Yes, but having the right numbers put in context matters more than having lots of numbers. Take the part where Smil looks at how much fishmeal and fish oil from wild fish is required to produce farmed fish. He cites numbers that suggest fish farming is becoming more efficient and seems to say we could produce more farmed fish while reducing the environmental impact.
Smil uses the numbers to show why the idea that organic farming could feed the world is 'a load of excrement'
Back in October, however, I heard a radically different story from Patricia Majluf at the non-profit group Oceana. Her team estimated that the number of wild fish killed for fishmeal and fish oil to feed farmed fish is up to three times higher than previous estimates.
Furthermore, global warming will have a huge impact on fish oil production, Majluf told me. In warmer waters, algae produce less of the vital omega-3 oils that end up in fish oil, and fish have a lower fat content. “So you need to catch a lot more fish to produce the same amount of fish oil,” she said. “And there’s not going to be a lot more fish.” Nor does raising farmed fish on plant-based feeds solve the problem, as crop farming is also far from sustainable.
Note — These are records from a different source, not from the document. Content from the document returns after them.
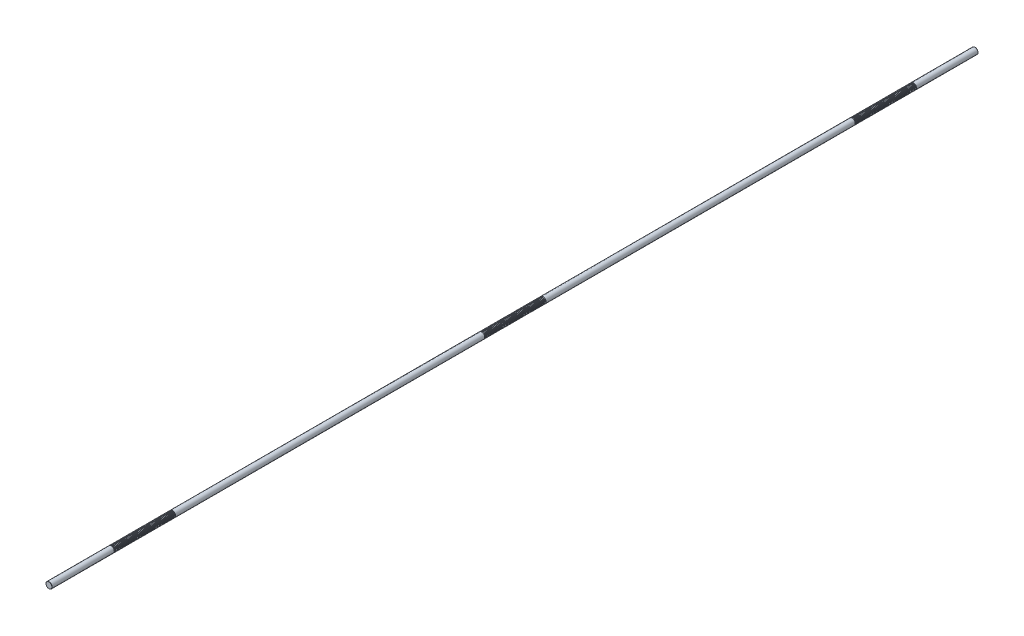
from build123d import *

# Parameters (mm, degrees)
SKETCH1_R           = 5
BOSS_EXTRUDE1_DEPTH = 750
CHAMFER1_SIZE       = 0.25
LPATTERN1_COUNT     = 50
LPATTERN1_PITCH     = 2
LPATTERN2_COUNT     = 3
LPATTERN2_PITCH     = 600


with BuildPart() as part:
    # Sketch1 → Boss-Extrude1 (new, symmetric)
    with BuildSketch(Plane.XY):
        Circle(SKETCH1_R)
    extrude(amount=BOSS_EXTRUDE1_DEPTH, both=True)

    # Chamfer1
    chamfer1_edges = [part.edges().sort_by_distance(p)[0] for p in [
        (-5, 0, -750),
        (-5, 0, 750),
    ]]
    chamfer(chamfer1_edges, length=CHAMFER1_SIZE)

    # Sketch2 → Cut-Revolve1 (revolve, cut)
    with BuildSketch(Plane(origin=(0, 0, 0), x_dir=(0, 0, -1), z_dir=(1, 0, 0)), mode=Mode.PRIVATE) as cut_revolve1_sk:
        Polygon((650.167468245, 5), (648.832531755, 5), (649.167468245, 3.75), (649.832531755, 3.75), align=None)
    cut_revolve1 = revolve(cut_revolve1_sk.sketch.rotate(Axis((0, 0, 750), (0, 0, -1)), 90), axis=Axis((0, 0, 750), (0, 0, -1)), mode=Mode.SUBTRACT)

    # LPattern1: Cut-Revolve1 ×50
    with Locations(*[(0, 0, i * LPATTERN1_PITCH) for i in range(1, LPATTERN1_COUNT)]):
        add(cut_revolve1, mode=Mode.SUBTRACT)

    # LPattern2: Cut-Revolve1 ×3
    with Locations(*[(0, 0, i * LPATTERN2_PITCH) for i in range(1, LPATTERN2_COUNT)]):
        add(cut_revolve1, mode=Mode.SUBTRACT)

    # LPattern2 copy 1 sketch → LPattern2 copy 1 (revolve, cut)
    with BuildSketch(Plane(origin=(0, 0, 602), x_dir=(0, 0, -1), z_dir=(1, 0, 0))):
        Polygon((650.167468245, 5), (648.832531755, 5), (649.167468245, 3.75), (649.832531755, 3.75), align=None)
    revolve(axis=Axis((0, 0, 1352), (0, 0, -1)), mode=Mode.SUBTRACT)

    # LPattern2 copy 2 sketch → LPattern2 copy 2 (revolve, cut)
    with BuildSketch(Plane(origin=(0, 0, 1202), x_dir=(0, 0, -1), z_dir=(1, 0, 0))):
        Polygon((650.167468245, 5), (648.832531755, 5), (649.167468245, 3.75), (649.832531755, 3.75), align=None)
    revolve(axis=Axis((0, 0, 1952), (0, 0, -1)), mode=Mode.SUBTRACT)

    # LPattern2 copy 3 sketch → LPattern2 copy 3 (revolve, cut)
    with BuildSketch(Plane(origin=(0, 0, 604), x_dir=(0, 0, -1), z_dir=(1, 0, 0))):
        Polygon((650.167468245, 5), (648.832531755, 5), (649.167468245, 3.75), (649.832531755, 3.75), align=None)
    revolve(axis=Axis((0, 0, 1354), (0, 0, -1)), mode=Mode.SUBTRACT)

    # LPattern2 copy 4 sketch → LPattern2 copy 4 (revolve, cut)
    with BuildSketch(Plane(origin=(0, 0, 1204), x_dir=(0, 0, -1), z_dir=(1, 0, 0))):
        Polygon((650.167468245, 5), (648.832531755, 5), (649.167468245, 3.75), (649.832531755, 3.75), align=None)
    revolve(axis=Axis((0, 0, 1954), (0, 0, -1)), mode=Mode.SUBTRACT)

    # LPattern2 copy 5 sketch → LPattern2 copy 5 (revolve, cut)
    with BuildSketch(Plane(origin=(0, 0, 606), x_dir=(0, 0, -1), z_dir=(1, 0, 0))):
        Polygon((650.167468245, 5), (648.832531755, 5), (649.167468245, 3.75), (649.832531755, 3.75), align=None)
    revolve(axis=Axis((0, 0, 1356), (0, 0, -1)), mode=Mode.SUBTRACT)

    # LPattern2 copy 6 sketch → LPattern2 copy 6 (revolve, cut)
    with BuildSketch(Plane(origin=(0, 0, 1206), x_dir=(0, 0, -1), z_dir=(1, 0, 0))):
        Polygon((650.167468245, 5), (648.832531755, 5), (649.167468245, 3.75), (649.832531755, 3.75), align=None)
    revolve(axis=Axis((0, 0, 1956), (0, 0, -1)), mode=Mode.SUBTRACT)

    # LPattern2 copy 7 sketch → LPattern2 copy 7 (revolve, cut)
    with BuildSketch(Plane(origin=(0, 0, 608), x_dir=(0, 0, -1), z_dir=(1, 0, 0))):
        Polygon((650.167468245, 5), (648.832531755, 5), (649.167468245, 3.75), (649.832531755, 3.75), align=None)
    revolve(axis=Axis((0, 0, 1358), (0, 0, -1)), mode=Mode.SUBTRACT)

    # LPattern2 copy 8 sketch → LPattern2 copy 8 (revolve, cut)
    with BuildSketch(Plane(origin=(0, 0, 1208), x_dir=(0, 0, -1), z_dir=(1, 0, 0))):
        Polygon((650.167468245, 5), (648.832531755, 5), (649.167468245, 3.75), (649.832531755, 3.75), align=None)
    revolve(axis=Axis((0, 0, 1958), (0, 0, -1)), mode=Mode.SUBTRACT)

    # LPattern2 copy 9 sketch → LPattern2 copy 9 (revolve, cut)
    with BuildSketch(Plane(origin=(0, 0, 610), x_dir=(0, 0, -1), z_dir=(1, 0, 0))):
        Polygon((650.167468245, 5), (648.832531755, 5), (649.167468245, 3.75), (649.832531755, 3.75), align=None)
    revolve(axis=Axis((0, 0, 1360), (0, 0, -1)), mode=Mode.SUBTRACT)

    # LPattern2 copy 10 sketch → LPattern2 copy 10 (revolve, cut)
    with BuildSketch(Plane(origin=(0, 0, 1210), x_dir=(0, 0, -1), z_dir=(1, 0, 0))):
        Polygon((650.167468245, 5), (648.832531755, 5), (649.167468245, 3.75), (649.832531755, 3.75), align=None)
    revolve(axis=Axis((0, 0, 1960), (0, 0, -1)), mode=Mode.SUBTRACT)

    # LPattern2 copy 11 sketch → LPattern2 copy 11 (revolve, cut)
    with BuildSketch(Plane(origin=(0, 0, 612), x_dir=(0, 0, -1), z_dir=(1, 0, 0))):
        Polygon((650.167468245, 5), (648.832531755, 5), (649.167468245, 3.75), (649.832531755, 3.75), align=None)
    revolve(axis=Axis((0, 0, 1362), (0, 0, -1)), mode=Mode.SUBTRACT)

    # LPattern2 copy 12 sketch → LPattern2 copy 12 (revolve, cut)
    with BuildSketch(Plane(origin=(0, 0, 1212), x_dir=(0, 0, -1), z_dir=(1, 0, 0))):
        Polygon((650.167468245, 5), (648.832531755, 5), (649.167468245, 3.75), (649.832531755, 3.75), align=None)
    revolve(axis=Axis((0, 0, 1962), (0, 0, -1)), mode=Mode.SUBTRACT)

    # LPattern2 copy 13 sketch → LPattern2 copy 13 (revolve, cut)
    with BuildSketch(Plane(origin=(0, 0, 614), x_dir=(0, 0, -1), z_dir=(1, 0, 0))):
        Polygon((650.167468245, 5), (648.832531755, 5), (649.167468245, 3.75), (649.832531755, 3.75), align=None)
    revolve(axis=Axis((0, 0, 1364), (0, 0, -1)), mode=Mode.SUBTRACT)

    # LPattern2 copy 14 sketch → LPattern2 copy 14 (revolve, cut)
    with BuildSketch(Plane(origin=(0, 0, 1214), x_dir=(0, 0, -1), z_dir=(1, 0, 0))):
        Polygon((650.167468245, 5), (648.832531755, 5), (649.167468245, 3.75), (649.832531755, 3.75), align=None)
    revolve(axis=Axis((0, 0, 1964), (0, 0, -1)), mode=Mode.SUBTRACT)

    # LPattern2 copy 15 sketch → LPattern2 copy 15 (revolve, cut)
    with BuildSketch(Plane(origin=(0, 0, 616), x_dir=(0, 0, -1), z_dir=(1, 0, 0))):
        Polygon((650.167468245, 5), (648.832531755, 5), (649.167468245, 3.75), (649.832531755, 3.75), align=None)
    revolve(axis=Axis((0, 0, 1366), (0, 0, -1)), mode=Mode.SUBTRACT)

    # LPattern2 copy 16 sketch → LPattern2 copy 16 (revolve, cut)
    with BuildSketch(Plane(origin=(0, 0, 1216), x_dir=(0, 0, -1), z_dir=(1, 0, 0))):
        Polygon((650.167468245, 5), (648.832531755, 5), (649.167468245, 3.75), (649.832531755, 3.75), align=None)
    revolve(axis=Axis((0, 0, 1966), (0, 0, -1)), mode=Mode.SUBTRACT)

    # LPattern2 copy 17 sketch → LPattern2 copy 17 (revolve, cut)
    with BuildSketch(Plane(origin=(0, 0, 618), x_dir=(0, 0, -1), z_dir=(1, 0, 0))):
        Polygon((650.167468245, 5), (648.832531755, 5), (649.167468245, 3.75), (649.832531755, 3.75), align=None)
    revolve(axis=Axis((0, 0, 1368), (0, 0, -1)), mode=Mode.SUBTRACT)

    # LPattern2 copy 18 sketch → LPattern2 copy 18 (revolve, cut)
    with BuildSketch(Plane(origin=(0, 0, 1218), x_dir=(0, 0, -1), z_dir=(1, 0, 0))):
        Polygon((650.167468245, 5), (648.832531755, 5), (649.167468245, 3.75), (649.832531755, 3.75), align=None)
    revolve(axis=Axis((0, 0, 1968), (0, 0, -1)), mode=Mode.SUBTRACT)

    # LPattern2 copy 19 sketch → LPattern2 copy 19 (revolve, cut)
    with BuildSketch(Plane(origin=(0, 0, 620), x_dir=(0, 0, -1), z_dir=(1, 0, 0))):
        Polygon((650.167468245, 5), (648.832531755, 5), (649.167468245, 3.75), (649.832531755, 3.75), align=None)
    revolve(axis=Axis((0, 0, 1370), (0, 0, -1)), mode=Mode.SUBTRACT)

    # LPattern2 copy 20 sketch → LPattern2 copy 20 (revolve, cut)
    with BuildSketch(Plane(origin=(0, 0, 1220), x_dir=(0, 0, -1), z_dir=(1, 0, 0))):
        Polygon((650.167468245, 5), (648.832531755, 5), (649.167468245, 3.75), (649.832531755, 3.75), align=None)
    revolve(axis=Axis((0, 0, 1970), (0, 0, -1)), mode=Mode.SUBTRACT)

    # LPattern2 copy 21 sketch → LPattern2 copy 21 (revolve, cut)
    with BuildSketch(Plane(origin=(0, 0, 622), x_dir=(0, 0, -1), z_dir=(1, 0, 0))):
        Polygon((650.167468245, 5), (648.832531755, 5), (649.167468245, 3.75), (649.832531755, 3.75), align=None)
    revolve(axis=Axis((0, 0, 1372), (0, 0, -1)), mode=Mode.SUBTRACT)

    # LPattern2 copy 22 sketch → LPattern2 copy 22 (revolve, cut)
    with BuildSketch(Plane(origin=(0, 0, 1222), x_dir=(0, 0, -1), z_dir=(1, 0, 0))):
        Polygon((650.167468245, 5), (648.832531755, 5), (649.167468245, 3.75), (649.832531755, 3.75), align=None)
    revolve(axis=Axis((0, 0, 1972), (0, 0, -1)), mode=Mode.SUBTRACT)

    # LPattern2 copy 23 sketch → LPattern2 copy 23 (revolve, cut)
    with BuildSketch(Plane(origin=(0, 0, 624), x_dir=(0, 0, -1), z_dir=(1, 0, 0))):
        Polygon((650.167468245, 5), (648.832531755, 5), (649.167468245, 3.75), (649.832531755, 3.75), align=None)
    revolve(axis=Axis((0, 0, 1374), (0, 0, -1)), mode=Mode.SUBTRACT)

    # LPattern2 copy 24 sketch → LPattern2 copy 24 (revolve, cut)
    with BuildSketch(Plane(origin=(0, 0, 1224), x_dir=(0, 0, -1), z_dir=(1, 0, 0))):
        Polygon((650.167468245, 5), (648.832531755, 5), (649.167468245, 3.75), (649.832531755, 3.75), align=None)
    revolve(axis=Axis((0, 0, 1974), (0, 0, -1)), mode=Mode.SUBTRACT)

    # LPattern2 copy 25 sketch → LPattern2 copy 25 (revolve, cut)
    with BuildSketch(Plane(origin=(0, 0, 626), x_dir=(0, 0, -1), z_dir=(1, 0, 0))):
        Polygon((650.167468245, 5), (648.832531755, 5), (649.167468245, 3.75), (649.832531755, 3.75), align=None)
    revolve(axis=Axis((0, 0, 1376), (0, 0, -1)), mode=Mode.SUBTRACT)

    # LPattern2 copy 26 sketch → LPattern2 copy 26 (revolve, cut)
    with BuildSketch(Plane(origin=(0, 0, 1226), x_dir=(0, 0, -1), z_dir=(1, 0, 0))):
        Polygon((650.167468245, 5), (648.832531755, 5), (649.167468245, 3.75), (649.832531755, 3.75), align=None)
    revolve(axis=Axis((0, 0, 1976), (0, 0, -1)), mode=Mode.SUBTRACT)

    # LPattern2 copy 27 sketch → LPattern2 copy 27 (revolve, cut)
    with BuildSketch(Plane(origin=(0, 0, 628), x_dir=(0, 0, -1), z_dir=(1, 0, 0))):
        Polygon((650.167468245, 5), (648.832531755, 5), (649.167468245, 3.75), (649.832531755, 3.75), align=None)
    revolve(axis=Axis((0, 0, 1378), (0, 0, -1)), mode=Mode.SUBTRACT)

    # LPattern2 copy 28 sketch → LPattern2 copy 28 (revolve, cut)
    with BuildSketch(Plane(origin=(0, 0, 1228), x_dir=(0, 0, -1), z_dir=(1, 0, 0))):
        Polygon((650.167468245, 5), (648.832531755, 5), (649.167468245, 3.75), (649.832531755, 3.75), align=None)
    revolve(axis=Axis((0, 0, 1978), (0, 0, -1)), mode=Mode.SUBTRACT)

    # LPattern2 copy 29 sketch → LPattern2 copy 29 (revolve, cut)
    with BuildSketch(Plane(origin=(0, 0, 630), x_dir=(0, 0, -1), z_dir=(1, 0, 0))):
        Polygon((650.167468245, 5), (648.832531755, 5), (649.167468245, 3.75), (649.832531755, 3.75), align=None)
    revolve(axis=Axis((0, 0, 1380), (0, 0, -1)), mode=Mode.SUBTRACT)

    # LPattern2 copy 30 sketch → LPattern2 copy 30 (revolve, cut)
    with BuildSketch(Plane(origin=(0, 0, 1230), x_dir=(0, 0, -1), z_dir=(1, 0, 0))):
        Polygon((650.167468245, 5), (648.832531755, 5), (649.167468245, 3.75), (649.832531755, 3.75), align=None)
    revolve(axis=Axis((0, 0, 1980), (0, 0, -1)), mode=Mode.SUBTRACT)

    # LPattern2 copy 31 sketch → LPattern2 copy 31 (revolve, cut)
    with BuildSketch(Plane(origin=(0, 0, 632), x_dir=(0, 0, -1), z_dir=(1, 0, 0))):
        Polygon((650.167468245, 5), (648.832531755, 5), (649.167468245, 3.75), (649.832531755, 3.75), align=None)
    revolve(axis=Axis((0, 0, 1382), (0, 0, -1)), mode=Mode.SUBTRACT)

    # LPattern2 copy 32 sketch → LPattern2 copy 32 (revolve, cut)
    with BuildSketch(Plane(origin=(0, 0, 1232), x_dir=(0, 0, -1), z_dir=(1, 0, 0))):
        Polygon((650.167468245, 5), (648.832531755, 5), (649.167468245, 3.75), (649.832531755, 3.75), align=None)
    revolve(axis=Axis((0, 0, 1982), (0, 0, -1)), mode=Mode.SUBTRACT)

    # LPattern2 copy 33 sketch → LPattern2 copy 33 (revolve, cut)
    with BuildSketch(Plane(origin=(0, 0, 634), x_dir=(0, 0, -1), z_dir=(1, 0, 0))):
        Polygon((650.167468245, 5), (648.832531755, 5), (649.167468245, 3.75), (649.832531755, 3.75), align=None)
    revolve(axis=Axis((0, 0, 1384), (0, 0, -1)), mode=Mode.SUBTRACT)

    # LPattern2 copy 34 sketch → LPattern2 copy 34 (revolve, cut)
    with BuildSketch(Plane(origin=(0, 0, 1234), x_dir=(0, 0, -1), z_dir=(1, 0, 0))):
        Polygon((650.167468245, 5), (648.832531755, 5), (649.167468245, 3.75), (649.832531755, 3.75), align=None)
    revolve(axis=Axis((0, 0, 1984), (0, 0, -1)), mode=Mode.SUBTRACT)

    # LPattern2 copy 35 sketch → LPattern2 copy 35 (revolve, cut)
    with BuildSketch(Plane(origin=(0, 0, 636), x_dir=(0, 0, -1), z_dir=(1, 0, 0))):
        Polygon((650.167468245, 5), (648.832531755, 5), (649.167468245, 3.75), (649.832531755, 3.75), align=None)
    revolve(axis=Axis((0, 0, 1386), (0, 0, -1)), mode=Mode.SUBTRACT)

    # LPattern2 copy 36 sketch → LPattern2 copy 36 (revolve, cut)
    with BuildSketch(Plane(origin=(0, 0, 1236), x_dir=(0, 0, -1), z_dir=(1, 0, 0))):
        Polygon((650.167468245, 5), (648.832531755, 5), (649.167468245, 3.75), (649.832531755, 3.75), align=None)
    revolve(axis=Axis((0, 0, 1986), (0, 0, -1)), mode=Mode.SUBTRACT)

    # LPattern2 copy 37 sketch → LPattern2 copy 37 (revolve, cut)
    with BuildSketch(Plane(origin=(0, 0, 638), x_dir=(0, 0, -1), z_dir=(1, 0, 0))):
        Polygon((650.167468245, 5), (648.832531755, 5), (649.167468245, 3.75), (649.832531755, 3.75), align=None)
    revolve(axis=Axis((0, 0, 1388), (0, 0, -1)), mode=Mode.SUBTRACT)

    # LPattern2 copy 38 sketch → LPattern2 copy 38 (revolve, cut)
    with BuildSketch(Plane(origin=(0, 0, 1238), x_dir=(0, 0, -1), z_dir=(1, 0, 0))):
        Polygon((650.167468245, 5), (648.832531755, 5), (649.167468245, 3.75), (649.832531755, 3.75), align=None)
    revolve(axis=Axis((0, 0, 1988), (0, 0, -1)), mode=Mode.SUBTRACT)

    # LPattern2 copy 39 sketch → LPattern2 copy 39 (revolve, cut)
    with BuildSketch(Plane(origin=(0, 0, 640), x_dir=(0, 0, -1), z_dir=(1, 0, 0))):
        Polygon((650.167468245, 5), (648.832531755, 5), (649.167468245, 3.75), (649.832531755, 3.75), align=None)
    revolve(axis=Axis((0, 0, 1390), (0, 0, -1)), mode=Mode.SUBTRACT)

    # LPattern2 copy 40 sketch → LPattern2 copy 40 (revolve, cut)
    with BuildSketch(Plane(origin=(0, 0, 1240), x_dir=(0, 0, -1), z_dir=(1, 0, 0))):
        Polygon((650.167468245, 5), (648.832531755, 5), (649.167468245, 3.75), (649.832531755, 3.75), align=None)
    revolve(axis=Axis((0, 0, 1990), (0, 0, -1)), mode=Mode.SUBTRACT)

    # LPattern2 copy 41 sketch → LPattern2 copy 41 (revolve, cut)
    with BuildSketch(Plane(origin=(0, 0, 642), x_dir=(0, 0, -1), z_dir=(1, 0, 0))):
        Polygon((650.167468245, 5), (648.832531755, 5), (649.167468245, 3.75), (649.832531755, 3.75), align=None)
    revolve(axis=Axis((0, 0, 1392), (0, 0, -1)), mode=Mode.SUBTRACT)

    # LPattern2 copy 42 sketch → LPattern2 copy 42 (revolve, cut)
    with BuildSketch(Plane(origin=(0, 0, 1242), x_dir=(0, 0, -1), z_dir=(1, 0, 0))):
        Polygon((650.167468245, 5), (648.832531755, 5), (649.167468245, 3.75), (649.832531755, 3.75), align=None)
    revolve(axis=Axis((0, 0, 1992), (0, 0, -1)), mode=Mode.SUBTRACT)

    # LPattern2 copy 43 sketch → LPattern2 copy 43 (revolve, cut)
    with BuildSketch(Plane(origin=(0, 0, 644), x_dir=(0, 0, -1), z_dir=(1, 0, 0))):
        Polygon((650.167468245, 5), (648.832531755, 5), (649.167468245, 3.75), (649.832531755, 3.75), align=None)
    revolve(axis=Axis((0, 0, 1394), (0, 0, -1)), mode=Mode.SUBTRACT)

    # LPattern2 copy 44 sketch → LPattern2 copy 44 (revolve, cut)
    with BuildSketch(Plane(origin=(0, 0, 1244), x_dir=(0, 0, -1), z_dir=(1, 0, 0))):
        Polygon((650.167468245, 5), (648.832531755, 5), (649.167468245, 3.75), (649.832531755, 3.75), align=None)
    revolve(axis=Axis((0, 0, 1994), (0, 0, -1)), mode=Mode.SUBTRACT)

    # LPattern2 copy 45 sketch → LPattern2 copy 45 (revolve, cut)
    with BuildSketch(Plane(origin=(0, 0, 646), x_dir=(0, 0, -1), z_dir=(1, 0, 0))):
        Polygon((650.167468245, 5), (648.832531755, 5), (649.167468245, 3.75), (649.832531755, 3.75), align=None)
    revolve(axis=Axis((0, 0, 1396), (0, 0, -1)), mode=Mode.SUBTRACT)

    # LPattern2 copy 46 sketch → LPattern2 copy 46 (revolve, cut)
    with BuildSketch(Plane(origin=(0, 0, 1246), x_dir=(0, 0, -1), z_dir=(1, 0, 0))):
        Polygon((650.167468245, 5), (648.832531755, 5), (649.167468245, 3.75), (649.832531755, 3.75), align=None)
    revolve(axis=Axis((0, 0, 1996), (0, 0, -1)), mode=Mode.SUBTRACT)

    # LPattern2 copy 47 sketch → LPattern2 copy 47 (revolve, cut)
    with BuildSketch(Plane(origin=(0, 0, 648), x_dir=(0, 0, -1), z_dir=(1, 0, 0))):
        Polygon((650.167468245, 5), (648.832531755, 5), (649.167468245, 3.75), (649.832531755, 3.75), align=None)
    revolve(axis=Axis((0, 0, 1398), (0, 0, -1)), mode=Mode.SUBTRACT)

    # LPattern2 copy 48 sketch → LPattern2 copy 48 (revolve, cut)
    with BuildSketch(Plane(origin=(0, 0, 1248), x_dir=(0, 0, -1), z_dir=(1, 0, 0))):
        Polygon((650.167468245, 5), (648.832531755, 5), (649.167468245, 3.75), (649.832531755, 3.75), align=None)
    revolve(axis=Axis((0, 0, 1998), (0, 0, -1)), mode=Mode.SUBTRACT)

    # LPattern2 copy 49 sketch → LPattern2 copy 49 (revolve, cut)
    with BuildSketch(Plane(origin=(0, 0, 650), x_dir=(0, 0, -1), z_dir=(1, 0, 0))):
        Polygon((650.167468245, 5), (648.832531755, 5), (649.167468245, 3.75), (649.832531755, 3.75), align=None)
    revolve(axis=Axis((0, 0, 1400), (0, 0, -1)), mode=Mode.SUBTRACT)

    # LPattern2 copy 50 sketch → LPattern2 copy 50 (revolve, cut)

To be fair, there is a lot of good stuff in this book. Smil uses the numbers to show how we underestimate both the economic importance of food and how much energy it takes to get it onto our plates, why the idea that organic farming could feed the world is “a load of excrement” and why scaling up the production of cultured meat will be so difficult.
But, overall, this book is more about how the world is fed now than how to feed it in the future. And on a rapidly warming planet, I fear gradual gains in food production will, sooner or later, fail to keep pace with accelerating losses. That’s why we had all better hope Smil is wrong about the lack of possibility for big change.
In particular, he acknowledges the “impressive” potential for radical yield gains from genetic modification, but then dismisses it as something that isn’t likely to happen soon. Perhaps. But new gene-editing techniques are not only much more powerful than older methods, they are also being treated differently by regulators, meaning gene-edited foods are reaching the market much faster.
Yet despite the extraordinary importance of the task, there is still surprisingly little investment in developing better crops for a warming world.
For me, the take-home message shouldn’t be that we can’t rely on revolutions in how we produce food. Rather, we need to do whatever it takes to make revolutions happen.